>>>>>

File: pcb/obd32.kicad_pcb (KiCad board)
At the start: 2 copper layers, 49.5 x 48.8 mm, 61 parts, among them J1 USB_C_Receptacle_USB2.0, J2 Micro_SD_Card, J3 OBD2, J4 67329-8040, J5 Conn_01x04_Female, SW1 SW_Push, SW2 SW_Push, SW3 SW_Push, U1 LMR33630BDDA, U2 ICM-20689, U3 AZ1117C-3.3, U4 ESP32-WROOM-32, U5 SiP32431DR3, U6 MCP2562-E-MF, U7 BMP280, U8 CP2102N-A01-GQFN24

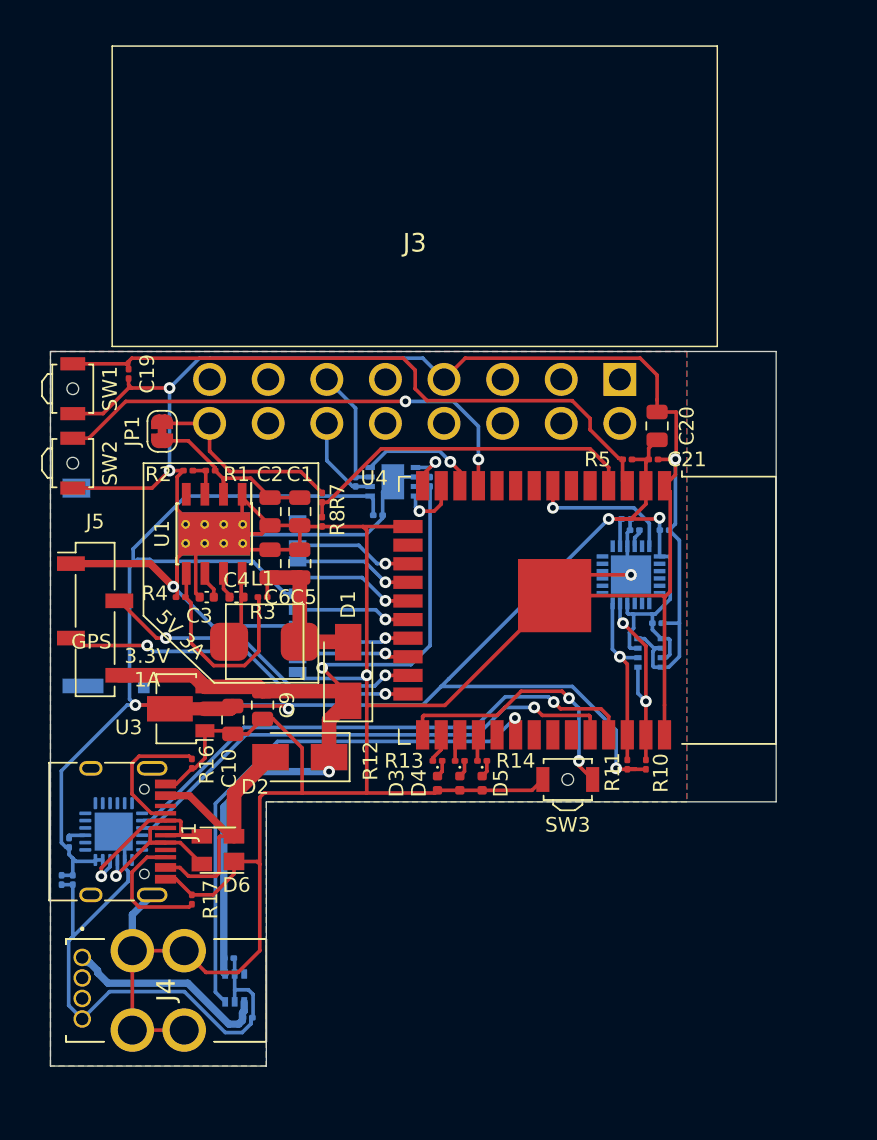
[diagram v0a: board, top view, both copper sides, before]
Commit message: PCB: Move components from bottom to top side of board. Move SD-card slot to sub board. Add SAM-M8N GPS-receiver
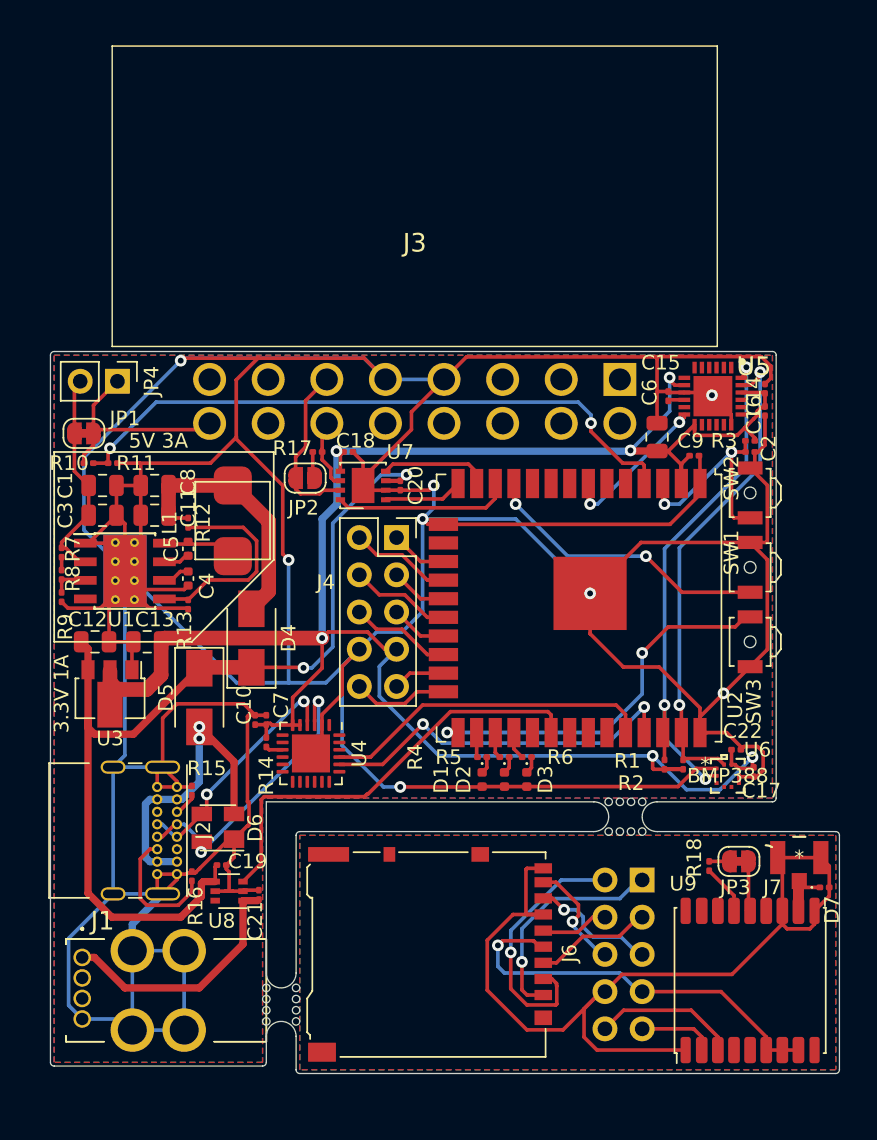
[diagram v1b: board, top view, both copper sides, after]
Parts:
- removed the C10 at (209.3, 87.4)
- removed the C15 at (236.2, 73.7)
- removed the C17 at (238.8, 74.4)
- removed the C6 at (211.8, 76.7)
- removed the C9 at (211.3, 86.4)
- removed the D1 at (217.2, 84.1)
- removed the R1 at (207.8, 70.4)
- removed the R3 at (211.3, 79.0)
- removed the R4 at (205.7, 79.0)
- removed the SW1 at (198.4, 64.8)
- removed the U2 at (236.5, 77.5)
- removed the U7 at (237.7, 82.8)
- added C12: 10µF, Capacitor_SMD:C_0805_2012Metric, F.Cu at (199.9, 82.0)
- added C13: 22µF, Capacitor_SMD:C_0805_2012Metric, F.Cu at (203.5, 82.0)
- added C14: 10nF, Capacitor_SMD:C_0201_0603Metric, F.Cu at (245.6, 64.8)
- added C16: 0.1µF, Capacitor_SMD:C_0201_0603Metric, F.Cu at (245.6, 66.3)
- added C22: 100nF, Capacitor_SMD:C_0201_0603Metric, F.Cu at (243.7, 89.4)
- added C8: 22µF, Capacitor_SMD:C_0805_2012Metric, F.Cu at (204.0, 71.4)
- added D4: D_Schottky, Diode_SMD:D_SMA, F.Cu at (210.6, 81.8)
- added D7: D_Zener, Diode_SMD:D_0201_0603Metric, F.Cu at (249.7, 98.8)
- added J6: Micro_SD_Card, Connector_Card:microSD_HC_Hirose_DM3AT-SF-PEJM5, F.Cu at (222.8, 103.4)
- added J7: U.FL-R-SMT-101, U.FL-R-SMT-101:U.FL-R-SMT-101, F.Cu at (248.0, 96.8)
- added JP2: SolderJumper_2_Open, Jumper:SolderJumper-2_P1.3mm_Open_RoundedPad1.0x1.5mm, F.Cu at (214.2, 70.9)
- added JP3: SolderJumper_2_Bridged, Jumper:SolderJumper-2_P1.3mm_Bridged_RoundedPad1.0x1.5mm, F.Cu at (243.8, 97.0)
- added JP4: Jumper_NO_Small, Connector_PinHeader_2.54mm:PinHeader_1x02_P2.54mm_Vertical, F.Cu at (201.4, 64.3)
- added R10: 100K, Resistor_SMD:R_0201_0603Metric, F.Cu at (199.5, 69.8)
- added R12: 100K, Resistor_SMD:R_0201_0603Metric, F.Cu at (206.2, 73.9)
- added R13: 24.9K, Resistor_SMD:R_0201_0603Metric, F.Cu at (206.2, 79.5)
- added R18: 10R, Resistor_SMD:R_0201_0603Metric, F.Cu at (241.8, 97.3)
- added R9: 100K, Resistor_SMD:R_0201_0603Metric, F.Cu at (197.6, 79.0)
- added SW2: SW_Push, Button_Switch_SMD:SW_SPST_B3U-3000P-B, F.Cu at (244.6, 71.9)
- added U6: BMP388, BMP388:BMP388, F.Cu at (243.1, 91.2)
- added U8: SiP32431DR3, Package_TO_SOT_SMD:SOT-363_SC-70-6, F.Cu at (209.0, 99.1)
- added U9: MAX-M8W, RF_GPS:ublox_MAX, F.Cu at (244.6, 105.2)
- C10: renamed from C8; moved to F.Cu
- C11: value 0.1µF -> 22µF; footprint Capacitor_SMD:C_0201_0603Metric -> Capacitor_SMD:C_0805_2012Metric; moved to F.Cu
- C15: renamed from C16; moved to F.Cu
- C17: renamed from C18; value 0.1µF -> 100nF; moved to F.Cu
- C18: renamed from C13; moved to F.Cu
- C19: value 1µF -> 0.1µF
- C2: value 220nF -> 1µF; footprint Capacitor_SMD:C_0805_2012Metric -> Capacitor_SMD:C_0201_0603Metric
- C20: renamed from C14; moved to F.Cu
- C21: renamed from C12; moved to F.Cu
- C3: value 1µF -> 220nF; footprint Capacitor_SMD:C_0402_1005Metric -> Capacitor_SMD:C_0805_2012Metric
- C4: value 0.1µF -> 1µF
- C5: value 22µF -> 0.1µF; footprint Capacitor_SMD:C_0805_2012Metric -> Capacitor_SMD:C_0402_1005Metric
- C7: moved to F.Cu
- J1: value USB_C_Receptacle_USB2.0 -> 67329-8040; footprint Connector_USB:USB_C_Receptacle_HRO_TYPE-C-31-M-12 -> 67329-8040:673298040
- J2: value Micro_SD_Card -> USB_C_Receptacle_USB2.0; footprint Connector_Card:microSD_HC_Hirose_DM3AT-SF-PEJM5 -> Connector_USB:USB_C_Receptacle_GCT_USB4085; moved to F.Cu
- J4: value 67329-8040 -> Conn_02x05_Odd_Even; footprint 67329-8040:673298040 -> Connector_PinSocket_2.54mm:PinSocket_2x05_P2.54mm_Vertical
- J5: value Conn_01x04_Female -> Conn_02x05_Odd_Even; footprint Connector_PinSocket_2.54mm:PinSocket_1x04_P2.54mm_Vertical_SMD_Pin1Left -> Connector_PinHeader_2.54mm:PinHeader_2x05_P2.54mm_Vertical; moved to B.Cu
- R11: value 4K7 -> 27K
- R14: renamed from R15; moved to F.Cu
- R17: renamed from R9; moved to F.Cu
- R2: value 100K -> 4K7
- R7: value 100K -> 10K
- R8: value 27K -> 866K
- U2: renamed from U4; footprint RF_Module:ESP32-WROOM-32 -> RF_Module:ESP32-WROOM-32U
- U4: renamed from U8; moved to F.Cu
- U5: value SiP32431DR3 -> ICM-20689; footprint Package_TO_SOT_SMD:SOT-363_SC-70-6 -> ICM-20689:QFN50P400X400X95-25N-D; moved to F.Cu
- U7: renamed from U6; moved to F.Cu
- moved U5 51.9 mm to (242.1, 65.3), turned to 270 degrees
- moved SW1 46.8 mm to (244.6, 77.0), turned to 270 degrees
- moved R11 41.8 mm to (201.1, 69.8), turned to 0 degrees
- moved J5 41.4 mm to (237.2, 98.3), turned to 180 degrees
- moved R2 39.3 mm to (240.0, 90.4), turned to 90 degrees
- moved J4 35.8 mm to (220.5, 74.9), turned to 0 degrees
- moved C19 34.1 mm to (208.5, 97.3), turned to 0 degrees
- moved C2 33.0 mm to (244.6, 69.1), turned to 180 degrees
- moved C11 30.6 mm to (204.0, 73.4), turned to 180 degrees
- moved R7 18.2 mm to (197.6, 75.9), turned to 90 degrees
- moved R8 18.1 mm to (197.6, 77.5)
- moved C7 17.7 mm to (211.6, 87.4), turned to 90 degrees
- moved C10 16.6 mm to (210.8, 87.4), turned to 90 degrees
- moved SW3 15.6 mm to (244.6, 82.0), turned to 270 degrees
- moved R14 15.1 mm to (211.6, 88.9), turned to 270 degrees
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- renumbered C20 to C6, C21 to C9, D3 to D1, D4 to D2, D5 to D3, D2 to D5, R10 to R1, R16 to R15, R17 to R16, R5 to R3, R12 to R4, R13 to R5, R14 to R6, SW2 to SW1
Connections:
- C11 pad 1: +5V -> Net-(C11-Pad1)
- C15 pad 2: Net-(C16-Pad2) -> Net-(C15-Pad2)
- C19 pad 1: GND -> +5V
- C19 pad 2: ESP32_EN -> GND
- C2 pad 2: Net-(C1-Pad1) -> ESP32_EN
- C3 pad 1: Net-(C3-Pad1) -> GND
- C3 pad 2: GND -> Net-(C1-Pad1)
- C4 pad 2: Net-(C4-Pad2) -> GND
- C5 pad 2: GND -> Net-(C5-Pad2)
- J3 pad 1: (no net) -> Net-(J3-Pad1)
- J3 pad 10: (no net) -> Net-(J3-Pad10)
- J3 pad 11: (no net) -> Net-(J3-Pad11)
- J3 pad 12: (no net) -> Net-(J3-Pad12)
- J3 pad 13: (no net) -> Net-(J3-Pad13)
- J3 pad 15: (no net) -> Net-(J3-Pad15)
- J3 pad 2: (no net) -> Net-(J3-Pad2)
- J3 pad 3: (no net) -> Net-(J3-Pad3)
- J3 pad 5: (no net) -> GND
- J3 pad 7: (no net) -> Net-(J3-Pad7)
- J3 pad 8: (no net) -> Net-(J3-Pad8)
- J3 pad 9: (no net) -> Net-(J3-Pad9)
- J4 pad 1: +5VP -> SD_DAT2
- J4 pad 2: (no net) -> SD_DAT3
- J4 pad 3: (no net) -> SD_CMD
- J4 pad 4: GND -> SD_CLK
- J5 pad 1: GND -> SD_DAT2_s
- J5 pad 2: GPS_RX -> SD_DAT3_s
- J5 pad 3: GPS_TX -> SD_CMD_s
- J5 pad 4: +5V -> SD_CLK_s
- L1 pad 1: Net-(C5-Pad1) -> Net-(C11-Pad1)
- L1 pad 2: Net-(C4-Pad2) -> Net-(C5-Pad2)
- R11 pad 1: +3V3 -> ADC
- R11 pad 2: I2C0_SCL -> GND
- R15 pad 2: Net-(J1-PadA5) -> Net-(J2-PadA5)
- R16 pad 1: Net-(J1-PadB5) -> Net-(J2-PadB5)
- R17 pad 1: CAN_H -> CAN_L
- R17 pad 2: CAN_L -> Net-(JP2-Pad2)
- R2 pad 1: Net-(R1-Pad2) -> +3V3
- R2 pad 2: GND -> I2C0_SCL
- R7 pad 1: +BATT -> Net-(R7-Pad1)
- R7 pad 2: ADC -> Net-(C1-Pad1)
- R8 pad 1: ADC -> Net-(R7-Pad1)
- R8 pad 2: GND -> Net-(R8-Pad2)
- U1 pad 3: Net-(R1-Pad2) -> Net-(R8-Pad2)
- U1 pad 4: (no net) -> Net-(U1-Pad4)
- U1 pad 6: Net-(C3-Pad1) -> Net-(C4-Pad1)
- U1 pad 7: Net-(C4-Pad1) -> Net-(C5-Pad1)
- U1 pad 8: Net-(C4-Pad2) -> Net-(C5-Pad2)
- U2 pad 10: (no net) -> Net-(U2-Pad10)
- U2 pad 16: (no net) -> Net-(U2-Pad16)
- U2 pad 29: (no net) -> Net-(U2-Pad29)
- U2 pad 31: (no net) -> Net-(U2-Pad31)
- U2 pad 32: (no net) -> Net-(U2-Pad32)
- U2 pad 33: (no net) -> Net-(U2-Pad33)
- U2 pad 5: (no net) -> Net-(U2-Pad5)
- U2 pad 6: (no net) -> Net-(U2-Pad6)
- U2 pad 8: (no net) -> Net-(U2-Pad8)
- U2 pad 9: (no net) -> Net-(U2-Pad9)
- U4 pad 1: (no net) -> Net-(U4-Pad1)
- U4 pad 10: (no net) -> Net-(U4-Pad10)
- U4 pad 11: (no net) -> Net-(U4-Pad11)
- U4 pad 12: (no net) -> Net-(U4-Pad12)
- U4 pad 13: (no net) -> Net-(U4-Pad13)
- U4 pad 14: (no net) -> Net-(U4-Pad14)
- U4 pad 15: (no net) -> Net-(U4-Pad15)
- U4 pad 16: (no net) -> Net-(U4-Pad16)
- U4 pad 17: (no net) -> Net-(U4-Pad17)
- U4 pad 18: (no net) -> Net-(U4-Pad18)
- U4 pad 19: (no net) -> Net-(U4-Pad19)
- U4 pad 22: (no net) -> Net-(U4-Pad22)
- U4 pad 23: (no net) -> Net-(U4-Pad23)
- U4 pad 24: (no net) -> Net-(U4-Pad24)
- U4 pad 7: (no net) -> Net-(U4-Pad7)
- U4 pad 8: (no net) -> Net-(U4-Pad8)
- U5 pad 1: +5VP -> Net-(U5-Pad1)
- U5 pad 2: GND -> Net-(U5-Pad2)
- U5 pad 3: USB_EN -> Net-(U5-Pad3)
- U5 pad 4: +5V -> Net-(U5-Pad4)
- U5 pad 5: GND -> Net-(U5-Pad5)
- U5 pad 6: (no net) -> Net-(U5-Pad6)
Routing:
- net GND: track 360.1 -> 467.6 mm, vias 6 -> 8
- net GND1: track 0.00 -> 62.5 mm
- net ESP32_EN: track 44.2 -> 14.9 mm, vias 0 -> 2
- net +3.3VA: track 0.00 -> 27.5 mm, vias 0 -> 1
- net I2C0_SDA: track 12.4 -> 37.1 mm, vias 1 -> 3
- net +3V3: track 159.7 -> 138.7 mm, vias 5 -> 6
- net I2C0_SCL: track 14.0 -> 33.7 mm
- net ADC: track 23.9 -> 43.5 mm, vias 0 -> 2
- net GPS_RX: track 22.4 -> 3.57 mm, vias 2 -> 0
- net GPS_TX: track 24.6 -> 6.56 mm, vias 2 -> 0
- net SD_DAT3_s: track 0.00 -> 17.9 mm, vias 0 -> 1
- net Net-(C11-Pad1): track 0.00 -> 17.7 mm
- net SD_DAT2_s: track 0.00 -> 14.9 mm, vias 0 -> 1
- net ESP32_MISC: track 33.5 -> 19.9 mm
- net UART_RX: track 35.4 -> 22.0 mm, vias 1 -> 0
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- added copper zone on B.Cu, net GND1
- added copper zone on F.Cu, net GND1
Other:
- board size 49.5 x 48.8 mm -> 53.8 x 49.3 mm
- board text removed: "GPS"

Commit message: Board: use different USB-C Receptable
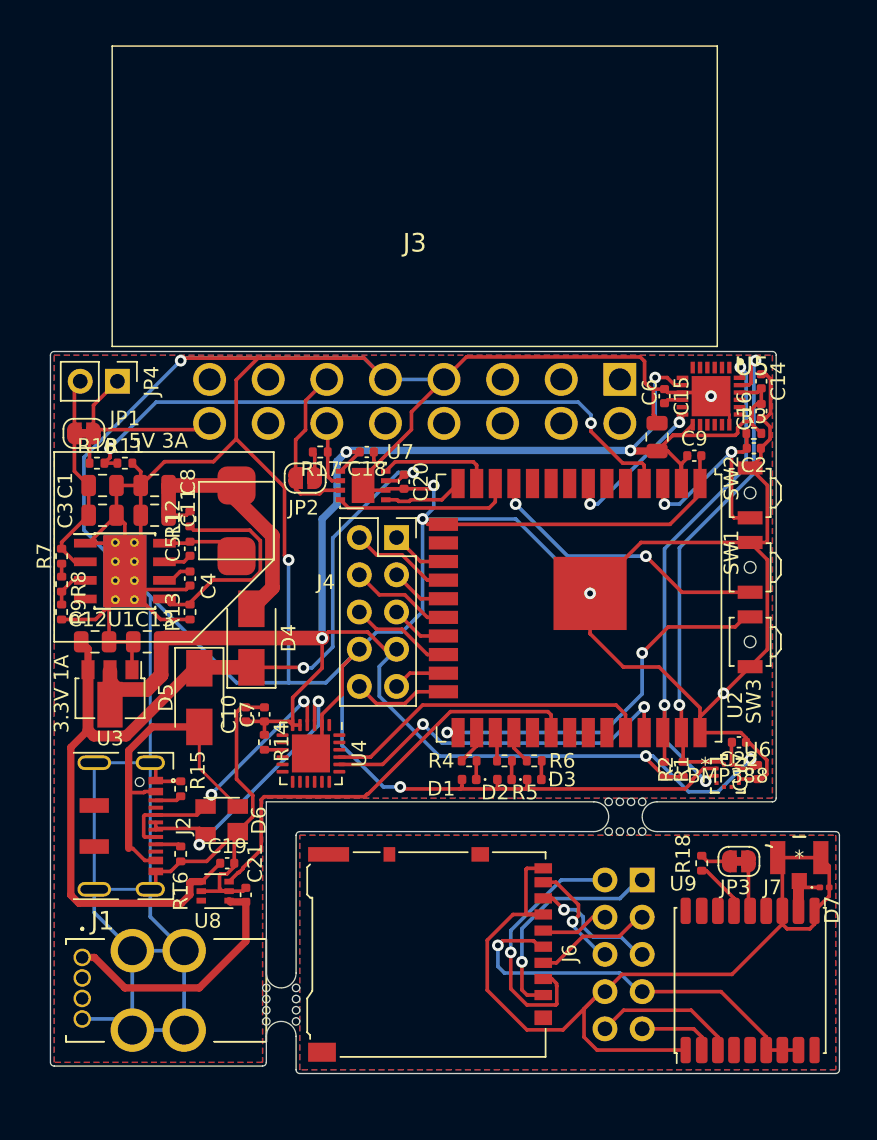
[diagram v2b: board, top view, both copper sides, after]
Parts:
- C10, C14, C15, C16, C17, C18, C19, C2, C20, C21, C22, C7, C9: footprint Capacitor_SMD:C_0201_0603Metric -> Capacitor_SMD:C_0402_1005Metric
- J2: footprint Connector_USB:USB_C_Receptacle_GCT_USB4085 -> USB_C_Receptacle_JAE_DX07S016JA1:USB_C_Receptacle_JAE_DX07S016JA1
- R1, R10, R11, R12, R13, R14, R15, R16, R17, R18, R2, R3, R4, R5, R6, R7, R8, R9: footprint Resistor_SMD:R_0201_0603Metric -> Resistor_SMD:R_0402_1005Metric
- moved J2 4.65 mm to (201.7, 94.6)
- moved R16 1.70 mm to (205.7, 96.5), turned to 270 degrees
- moved C18 1.27 mm to (218.4, 69.1)
- moved R9 1.02 mm to (197.6, 80.0)
- moved U8 0.95 mm to (208.1, 99.1)
- moved R4 0.92 mm to (225.4, 90.2)
- moved C21 0.89 mm to (210.2, 99.3)
- moved D1 0.89 mm to (225.4, 91.4), turned to 180 degrees
- moved R11 0.83 mm to (201.9, 69.8)
- moved R15 0.77 mm to (205.7, 92.1)
- moved C10 0.74 mm to (210.2, 87.0)
- moved R8 0.64 mm to (197.6, 78.1)
- moved R10 0.57 mm to (200.0, 69.8)
- moved R6 0.57 mm to (229.9, 90.2)
- moved D6 0.57 mm to (208.5, 94.2)
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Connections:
- J1 pad 2: Net-(J1-Pad2) -> (no net)
- J1 pad 3: Net-(J1-Pad3) -> (no net)
- J2 pad A8: Net-(J2-PadA8) -> (no net)
- J2 pad B8: Net-(J2-PadB8) -> (no net)
- J3 pad 1: Net-(J3-Pad1) -> (no net)
- J3 pad 10: Net-(J3-Pad10) -> (no net)
- J3 pad 11: Net-(J3-Pad11) -> (no net)
- J3 pad 12: Net-(J3-Pad12) -> (no net)
- J3 pad 13: Net-(J3-Pad13) -> (no net)
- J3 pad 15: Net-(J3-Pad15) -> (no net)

<<<<<

*About this task*.
Look above for the line holding "- net GPS_TX: track" and the line holding "Commit message: Board: use", then output exactly those two lines and every line between them, nothing more.

*Task response*.
- net GPS_TX: track 24.6 -> 6.56 mm, vias 2 -> 0
- net SD_DAT3_s: track 0.00 -> 17.9 mm, vias 0 -> 1
- net Net-(C11-Pad1): track 0.00 -> 17.7 mm
- net SD_DAT2_s: track 0.00 -> 14.9 mm, vias 0 -> 1
- net ESP32_MISC: track 33.5 -> 19.9 mm
- net UART_RX: track 35.4 -> 22.0 mm, vias 1 -> 0
- added copper zone on B.Cu, net GND1
- added copper zone on F.Cu, net GND1
Other:
- board size 49.5 x 48.8 mm -> 53.8 x 49.3 mm
- board text removed: "GPS"

Commit message: Board: use different USB-C Receptable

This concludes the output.